Last but not least, Wright discusses how Science Fiction eschews mystical trappings altogether and portrays its wonders as miracles of science. Yet the effects of these technological feats are no less astounding than the marvels wrought by sorcery in fantasy tales. Frank Herbert’s Dune universe is built on these assumptions.

“In Science Fiction the role of magic is ambiguous, and this reflects the ambiguous attitude of the modern age toward all things supernatural.” With this observation, Wright brings his commentary on speculative fiction to bear on his essay’s main thesis. The worldview enshrined in Science Fiction is modernism, and many moderns invest the same sort of cultish faith in science that their forefathers once reserved for articles of revealed or mystical religion.

Wright notes that this modernist faith brings the exhilaration of vastly improved worldly prosperity, but also the discontent that comes from the inescapable truth that no amount of technologically increased liberty, knowledge, technology, or wealth can satisfy our perennial human hunger for the transcendent.

Here the author introduces a recurring theme of his political philosophy: “…the four stages of a decay toward the nihilist abyss: the worldly man, the cultist, the occultist, the anarchist.” Like the four types of speculative fiction, each of these steps has its literary champions.

The worldly man discounts revelation and conflates truth with empirical fact. He demands license to indulge his preferred pleasures and respects his neighbor’s wish to do the same. Robert A. Heinlein’s work is a perfect example of the worldly stage.

The cultist embraces a hard form of the worldly man’s soft materialism while reacting violently against his perceived hedonism. Cultists believe that the optimal means of ordering human life can be deduced with absolute certainty from empirical facts. This unbalanced absolutism leads the cultist to reject virtue and embrace vice. The writings of H.G. Wells and Ayn Rand serve as examples of the cultist stage.

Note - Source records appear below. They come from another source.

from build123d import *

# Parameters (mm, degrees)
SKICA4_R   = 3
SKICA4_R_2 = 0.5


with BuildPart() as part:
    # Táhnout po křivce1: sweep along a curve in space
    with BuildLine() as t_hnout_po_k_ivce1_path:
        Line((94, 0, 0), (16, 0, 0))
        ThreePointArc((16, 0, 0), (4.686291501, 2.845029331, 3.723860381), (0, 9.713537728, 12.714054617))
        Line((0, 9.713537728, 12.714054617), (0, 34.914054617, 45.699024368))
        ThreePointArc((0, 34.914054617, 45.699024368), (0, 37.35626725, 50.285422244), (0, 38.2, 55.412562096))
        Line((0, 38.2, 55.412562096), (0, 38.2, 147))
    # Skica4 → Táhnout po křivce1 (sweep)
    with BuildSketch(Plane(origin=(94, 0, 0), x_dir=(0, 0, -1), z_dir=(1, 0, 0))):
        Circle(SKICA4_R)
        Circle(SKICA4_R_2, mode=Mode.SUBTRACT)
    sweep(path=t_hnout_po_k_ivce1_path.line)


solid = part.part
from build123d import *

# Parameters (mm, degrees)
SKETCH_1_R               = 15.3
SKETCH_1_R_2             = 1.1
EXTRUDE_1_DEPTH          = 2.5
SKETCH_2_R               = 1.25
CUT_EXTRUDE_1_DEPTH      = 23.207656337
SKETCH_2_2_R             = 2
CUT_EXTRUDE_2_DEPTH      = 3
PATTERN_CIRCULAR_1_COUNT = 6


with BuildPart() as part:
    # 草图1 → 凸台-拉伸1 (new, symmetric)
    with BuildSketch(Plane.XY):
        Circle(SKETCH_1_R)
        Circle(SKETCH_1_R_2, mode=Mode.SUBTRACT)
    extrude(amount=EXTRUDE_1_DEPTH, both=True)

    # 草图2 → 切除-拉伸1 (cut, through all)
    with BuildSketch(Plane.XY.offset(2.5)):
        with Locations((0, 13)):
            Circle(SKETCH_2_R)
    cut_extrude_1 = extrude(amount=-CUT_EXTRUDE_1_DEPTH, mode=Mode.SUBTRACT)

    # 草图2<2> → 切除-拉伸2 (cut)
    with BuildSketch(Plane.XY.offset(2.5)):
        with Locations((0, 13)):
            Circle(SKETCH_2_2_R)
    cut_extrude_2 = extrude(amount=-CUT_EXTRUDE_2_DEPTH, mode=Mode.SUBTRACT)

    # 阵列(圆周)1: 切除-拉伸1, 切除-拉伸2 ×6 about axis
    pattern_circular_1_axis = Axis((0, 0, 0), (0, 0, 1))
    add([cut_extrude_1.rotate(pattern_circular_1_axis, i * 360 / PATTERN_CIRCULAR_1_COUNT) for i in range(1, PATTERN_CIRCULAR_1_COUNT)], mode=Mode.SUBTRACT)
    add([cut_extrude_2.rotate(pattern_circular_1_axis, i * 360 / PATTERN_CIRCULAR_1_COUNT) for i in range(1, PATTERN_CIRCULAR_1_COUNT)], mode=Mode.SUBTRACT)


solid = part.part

The occultist rejects the cultist’s materialistic dogmatism in favor of epistemic and moral relativism. This denial of objective truth limits the occultist to soft virtues, such as tolerance and kindness, to the exclusion of hard virtues like justice and charity. Ursula K. Le Guin’s works are the most prominent depictions of occultism in SFF.

Wright calls the final stage nihilism or anarchy. The nihilist denounces all of the previous stages and believes only one truth: that there is no truth. He despises all virtues and revels in destruction. To him, beauty and ugliness are equally meaningless. Referring to the categories of speculative fiction, nihilism is the antithesis of High Fantasy.


Blindsight by Peter Watts is a stark portrayal of nihilism. Wright argues that this book demonstrates what is lacking in a modern world dominated by nihilist sentiment. Lacking truth, goodness, and beauty, the only logical response to existence is to destroy everything, including oneself.

Wright answers that nihilists’ doubt in revelation is no less dogmatic than Christians’ faith. If they really exist, beauty and truth vindicate divine revelation because they spring from the same source. And as the perfection of revelation, Christ wields sovereign authority.

The errors of worldliness, cultishness, and occultism all stem from nihilism, and Wright points out that transhumanism’s ultimate goal of curing mortality is the logical extreme of worldly thought. The transhumanists’ a priori materialism makes Wright skeptical of their project’s success. If humans have a spiritual dimension, our nature cannot be perfected by purely material means. Any attempt to alter human nature must, by definition, produce something inhuman, and fallen beings given an eternity to perfect their sins would be indistinguishable from devils.

“Transhuman and Subhuman” by John C. Wright clearly presents the author’s skepticism of transhumanist claims through a categorical examination of speculative fiction.